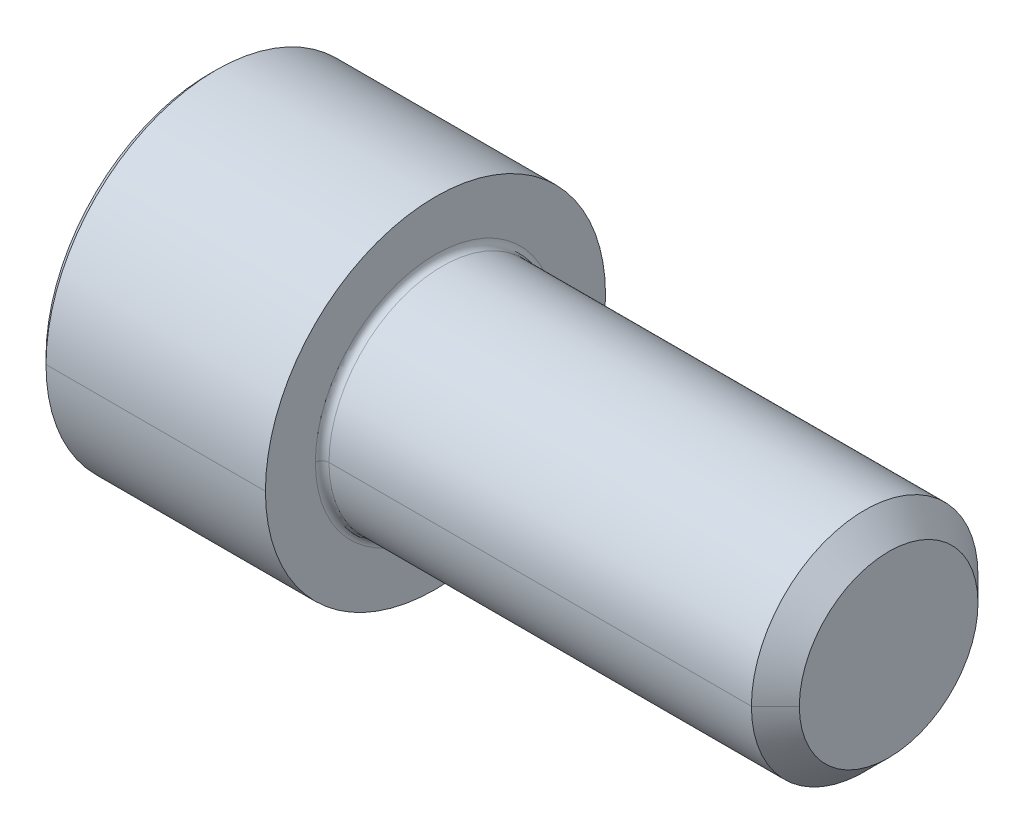
ISO-10303-21;
HEADER;
FILE_DESCRIPTION(('STEP AP214'),'2;1');
FILE_NAME('part.step','',(''),(''),'','','');
FILE_SCHEMA(('AUTOMOTIVE_DESIGN { 1 0 10303 214 1 1 1 1 }'));
ENDSEC;
DATA;
#1=APPLICATION_CONTEXT('core data for automotive mechanical design processes');
#2=APPLICATION_PROTOCOL_DEFINITION('international standard','automotive_design',2000,#1);
#3=PRODUCT_CONTEXT('',#1,'mechanical');
#4=PRODUCT('Part','Part','',(#3));
#5=PRODUCT_RELATED_PRODUCT_CATEGORY('part','',(#4));
#6=PRODUCT_DEFINITION_FORMATION('','',#4);
#7=PRODUCT_DEFINITION_CONTEXT('part definition',#1,'design');
#8=PRODUCT_DEFINITION('design','',#6,#7);
#9=PRODUCT_DEFINITION_SHAPE('','',#8);
#10=(LENGTH_UNIT() NAMED_UNIT(*) SI_UNIT(.MILLI.,.METRE.));
#11=(NAMED_UNIT(*) PLANE_ANGLE_UNIT() SI_UNIT($,.RADIAN.));
#12=(NAMED_UNIT(*) SI_UNIT($,.STERADIAN.) SOLID_ANGLE_UNIT());
#13=UNCERTAINTY_MEASURE_WITH_UNIT(LENGTH_MEASURE(1.E-05),#10,'distance_accuracy_value','');
#14=(GEOMETRIC_REPRESENTATION_CONTEXT(3) GLOBAL_UNCERTAINTY_ASSIGNED_CONTEXT((#13)) GLOBAL_UNIT_ASSIGNED_CONTEXT((#10,
#11,#12)) REPRESENTATION_CONTEXT('',''));
#15=CARTESIAN_POINT('',(0.,0.,0.));
#16=DIRECTION('',(0.,0.,1.));
#17=DIRECTION('',(1.,0.,0.));
#18=AXIS2_PLACEMENT_3D('',#15,#16,#17);
#19=CARTESIAN_POINT('',(-4.0894,0.,0.));
#20=DIRECTION('',(-1.,0.,0.));
#21=DIRECTION('',(0.,1.,0.));
#22=AXIS2_PLACEMENT_3D('',#19,#20,#21);
#23=CONICAL_SURFACE('',#22,3.175,1.04719755119659);
#24=CARTESIAN_POINT('',(-2.25631289532291,0.,0.));
#25=DIRECTION('',(-0.500000000000007,0.,-0.866025403784435));
#26=VECTOR('',#25,1.);
#27=LINE('',#24,#26);
#28=CARTESIAN_POINT('',(-2.2563128953229,0.,0.));
#29=VERTEX_POINT('',#28);
#30=CARTESIAN_POINT('',(-4.0894,0.,-3.175));
#31=VERTEX_POINT('',#30);
#32=EDGE_CURVE('E11',#29,#31,#27,.T.);
#33=ORIENTED_EDGE('',*,*,#32,.T.);
#34=CARTESIAN_POINT('',(-4.0894,0.,0.));
#35=DIRECTION('',(1.,0.,0.));
#36=DIRECTION('',(0.,0.,-1.));
#37=AXIS2_PLACEMENT_3D('',#34,#35,#36);
#38=CIRCLE('',#37,3.175);
#39=CARTESIAN_POINT('',(-4.0894,-2.74963065701562,-1.58749999999996));
#40=VERTEX_POINT('',#39);
#41=EDGE_CURVE('E25',#40,#31,#38,.T.);
#42=ORIENTED_EDGE('',*,*,#41,.F.);
#43=CARTESIAN_POINT('',(-4.0894,0.,0.));
#44=DIRECTION('',(1.,0.,0.));
#45=DIRECTION('',(0.,0.,-1.));
#46=AXIS2_PLACEMENT_3D('',#43,#44,#45);
#47=CIRCLE('',#46,3.175);
#48=CARTESIAN_POINT('',(-4.0894,-2.74963065701562,1.58749999999996));
#49=VERTEX_POINT('',#48);
#50=EDGE_CURVE('E604',#49,#40,#47,.T.);
#51=ORIENTED_EDGE('',*,*,#50,.F.);
#52=CARTESIAN_POINT('',(-4.0894,0.,0.));
#53=DIRECTION('',(1.,0.,0.));
#54=DIRECTION('',(0.,0.,-1.));
#55=AXIS2_PLACEMENT_3D('',#52,#53,#54);
#56=CIRCLE('',#55,3.175);
#57=CARTESIAN_POINT('',(-4.0894,0.,3.175));
#58=VERTEX_POINT('',#57);
#59=EDGE_CURVE('E601',#58,#49,#56,.T.);
#60=ORIENTED_EDGE('',*,*,#59,.F.);
#61=CARTESIAN_POINT('',(-2.25631289532291,0.,0.));
#62=DIRECTION('',(-0.500000000000007,0.,0.866025403784435));
#63=VECTOR('',#62,1.);
#64=LINE('',#61,#63);
#65=EDGE_CURVE('E591',#29,#58,#64,.T.);
#66=ORIENTED_EDGE('',*,*,#65,.F.);
#67=EDGE_LOOP('',(#33,#42,#51,#60,#66));
#68=FACE_BOUND('',#67,.T.);
#69=ADVANCED_FACE('F17',(#68),#23,.F.);
#70=CARTESIAN_POINT('',(-4.0894,0.,0.));
#71=DIRECTION('',(-1.,0.,0.));
#72=DIRECTION('',(0.,-1.,0.));
#73=AXIS2_PLACEMENT_3D('',#70,#71,#72);
#74=CONICAL_SURFACE('',#73,3.175,1.04719755119659);
#75=ORIENTED_EDGE('',*,*,#65,.T.);
#76=CARTESIAN_POINT('',(-4.0894,0.,0.));
#77=DIRECTION('',(1.,0.,0.));
#78=DIRECTION('',(0.,0.,-1.));
#79=AXIS2_PLACEMENT_3D('',#76,#77,#78);
#80=CIRCLE('',#79,3.175);
#81=CARTESIAN_POINT('',(-4.0894,2.74963065701562,1.58749999999996));
#82=VERTEX_POINT('',#81);
#83=EDGE_CURVE('E643',#82,#58,#80,.T.);
#84=ORIENTED_EDGE('',*,*,#83,.F.);
#85=CARTESIAN_POINT('',(-4.0894,0.,0.));
#86=DIRECTION('',(1.,0.,0.));
#87=DIRECTION('',(0.,0.,-1.));
#88=AXIS2_PLACEMENT_3D('',#85,#86,#87);
#89=CIRCLE('',#88,3.175);
#90=CARTESIAN_POINT('',(-4.0894,2.74963065701562,-1.58749999999996));
#91=VERTEX_POINT('',#90);
#92=EDGE_CURVE('E646',#91,#82,#89,.T.);
#93=ORIENTED_EDGE('',*,*,#92,.F.);
#94=CARTESIAN_POINT('',(-4.0894,0.,0.));
#95=DIRECTION('',(1.,0.,0.));
#96=DIRECTION('',(0.,0.,-1.));
#97=AXIS2_PLACEMENT_3D('',#94,#95,#96);
#98=CIRCLE('',#97,3.175);
#99=EDGE_CURVE('E557',#31,#91,#98,.T.);
#100=ORIENTED_EDGE('',*,*,#99,.F.);
#101=ORIENTED_EDGE('',*,*,#32,.F.);
#102=EDGE_LOOP('',(#75,#84,#93,#100,#101));
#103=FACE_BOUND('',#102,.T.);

Work item:
Take the entries shown above and quote them verbatim, passing over the pictures.

Written solution:
ISO-10303-21;
HEADER;
FILE_DESCRIPTION(('STEP AP214'),'2;1');
FILE_NAME('part.step','',(''),(''),'','','');
FILE_SCHEMA(('AUTOMOTIVE_DESIGN { 1 0 10303 214 1 1 1 1 }'));
ENDSEC;
DATA;
#1=APPLICATION_CONTEXT('core data for automotive mechanical design processes');
#2=APPLICATION_PROTOCOL_DEFINITION('international standard','automotive_design',2000,#1);
#3=PRODUCT_CONTEXT('',#1,'mechanical');
#4=PRODUCT('Part','Part','',(#3));
#5=PRODUCT_RELATED_PRODUCT_CATEGORY('part','',(#4));
#6=PRODUCT_DEFINITION_FORMATION('','',#4);
#7=PRODUCT_DEFINITION_CONTEXT('part definition',#1,'design');
#8=PRODUCT_DEFINITION('design','',#6,#7);
#9=PRODUCT_DEFINITION_SHAPE('','',#8);
#10=(LENGTH_UNIT() NAMED_UNIT(*) SI_UNIT(.MILLI.,.METRE.));
#11=(NAMED_UNIT(*) PLANE_ANGLE_UNIT() SI_UNIT($,.RADIAN.));
#12=(NAMED_UNIT(*) SI_UNIT($,.STERADIAN.) SOLID_ANGLE_UNIT());
#13=UNCERTAINTY_MEASURE_WITH_UNIT(LENGTH_MEASURE(1.E-05),#10,'distance_accuracy_value','');
#14=(GEOMETRIC_REPRESENTATION_CONTEXT(3) GLOBAL_UNCERTAINTY_ASSIGNED_CONTEXT((#13)) GLOBAL_UNIT_ASSIGNED_CONTEXT((#10,
#11,#12)) REPRESENTATION_CONTEXT('',''));
#15=CARTESIAN_POINT('',(0.,0.,0.));
#16=DIRECTION('',(0.,0.,1.));
#17=DIRECTION('',(1.,0.,0.));
#18=AXIS2_PLACEMENT_3D('',#15,#16,#17);
#19=CARTESIAN_POINT('',(-4.0894,0.,0.));
#20=DIRECTION('',(-1.,0.,0.));
#21=DIRECTION('',(0.,1.,0.));
#22=AXIS2_PLACEMENT_3D('',#19,#20,#21);
#23=CONICAL_SURFACE('',#22,3.175,1.04719755119659);
#24=CARTESIAN_POINT('',(-2.25631289532291,0.,0.));
#25=DIRECTION('',(-0.500000000000007,0.,-0.866025403784435));
#26=VECTOR('',#25,1.);
#27=LINE('',#24,#26);
#28=CARTESIAN_POINT('',(-2.2563128953229,0.,0.));
#29=VERTEX_POINT('',#28);
#30=CARTESIAN_POINT('',(-4.0894,0.,-3.175));
#31=VERTEX_POINT('',#30);
#32=EDGE_CURVE('E11',#29,#31,#27,.T.);
#33=ORIENTED_EDGE('',*,*,#32,.T.);
#34=CARTESIAN_POINT('',(-4.0894,0.,0.));
#35=DIRECTION('',(1.,0.,0.));
#36=DIRECTION('',(0.,0.,-1.));
#37=AXIS2_PLACEMENT_3D('',#34,#35,#36);
#38=CIRCLE('',#37,3.175);
#39=CARTESIAN_POINT('',(-4.0894,-2.74963065701562,-1.58749999999996));
#40=VERTEX_POINT('',#39);
#41=EDGE_CURVE('E25',#40,#31,#38,.T.);
#42=ORIENTED_EDGE('',*,*,#41,.F.);
#43=CARTESIAN_POINT('',(-4.0894,0.,0.));
#44=DIRECTION('',(1.,0.,0.));
#45=DIRECTION('',(0.,0.,-1.));
#46=AXIS2_PLACEMENT_3D('',#43,#44,#45);
#47=CIRCLE('',#46,3.175);
#48=CARTESIAN_POINT('',(-4.0894,-2.74963065701562,1.58749999999996));
#49=VERTEX_POINT('',#48);
#50=EDGE_CURVE('E604',#49,#40,#47,.T.);
#51=ORIENTED_EDGE('',*,*,#50,.F.);
#52=CARTESIAN_POINT('',(-4.0894,0.,0.));
#53=DIRECTION('',(1.,0.,0.));
#54=DIRECTION('',(0.,0.,-1.));
#55=AXIS2_PLACEMENT_3D('',#52,#53,#54);
#56=CIRCLE('',#55,3.175);
#57=CARTESIAN_POINT('',(-4.0894,0.,3.175));
#58=VERTEX_POINT('',#57);
#59=EDGE_CURVE('E601',#58,#49,#56,.T.);
#60=ORIENTED_EDGE('',*,*,#59,.F.);
#61=CARTESIAN_POINT('',(-2.25631289532291,0.,0.));
#62=DIRECTION('',(-0.500000000000007,0.,0.866025403784435));
#63=VECTOR('',#62,1.);
#64=LINE('',#61,#63);
#65=EDGE_CURVE('E591',#29,#58,#64,.T.);
#66=ORIENTED_EDGE('',*,*,#65,.F.);
#67=EDGE_LOOP('',(#33,#42,#51,#60,#66));
#68=FACE_BOUND('',#67,.T.);
#69=ADVANCED_FACE('F17',(#68),#23,.F.);
#70=CARTESIAN_POINT('',(-4.0894,0.,0.));
#71=DIRECTION('',(-1.,0.,0.));
#72=DIRECTION('',(0.,-1.,0.));
#73=AXIS2_PLACEMENT_3D('',#70,#71,#72);
#74=CONICAL_SURFACE('',#73,3.175,1.04719755119659);
#75=ORIENTED_EDGE('',*,*,#65,.T.);
#76=CARTESIAN_POINT('',(-4.0894,0.,0.));
#77=DIRECTION('',(1.,0.,0.));
#78=DIRECTION('',(0.,0.,-1.));
#79=AXIS2_PLACEMENT_3D('',#76,#77,#78);
#80=CIRCLE('',#79,3.175);
#81=CARTESIAN_POINT('',(-4.0894,2.74963065701562,1.58749999999996));
#82=VERTEX_POINT('',#81);
#83=EDGE_CURVE('E643',#82,#58,#80,.T.);
#84=ORIENTED_EDGE('',*,*,#83,.F.);
#85=CARTESIAN_POINT('',(-4.0894,0.,0.));
#86=DIRECTION('',(1.,0.,0.));
#87=DIRECTION('',(0.,0.,-1.));
#88=AXIS2_PLACEMENT_3D('',#85,#86,#87);
#89=CIRCLE('',#88,3.175);
#90=CARTESIAN_POINT('',(-4.0894,2.74963065701562,-1.58749999999996));
#91=VERTEX_POINT('',#90);
#92=EDGE_CURVE('E646',#91,#82,#89,.T.);
#93=ORIENTED_EDGE('',*,*,#92,.F.);
#94=CARTESIAN_POINT('',(-4.0894,0.,0.));
#95=DIRECTION('',(1.,0.,0.));
#96=DIRECTION('',(0.,0.,-1.));
#97=AXIS2_PLACEMENT_3D('',#94,#95,#96);
#98=CIRCLE('',#97,3.175);
#99=EDGE_CURVE('E557',#31,#91,#98,.T.);
#100=ORIENTED_EDGE('',*,*,#99,.F.);
#101=ORIENTED_EDGE('',*,*,#32,.F.);
#102=EDGE_LOOP('',(#75,#84,#93,#100,#101));
#103=FACE_BOUND('',#102,.T.);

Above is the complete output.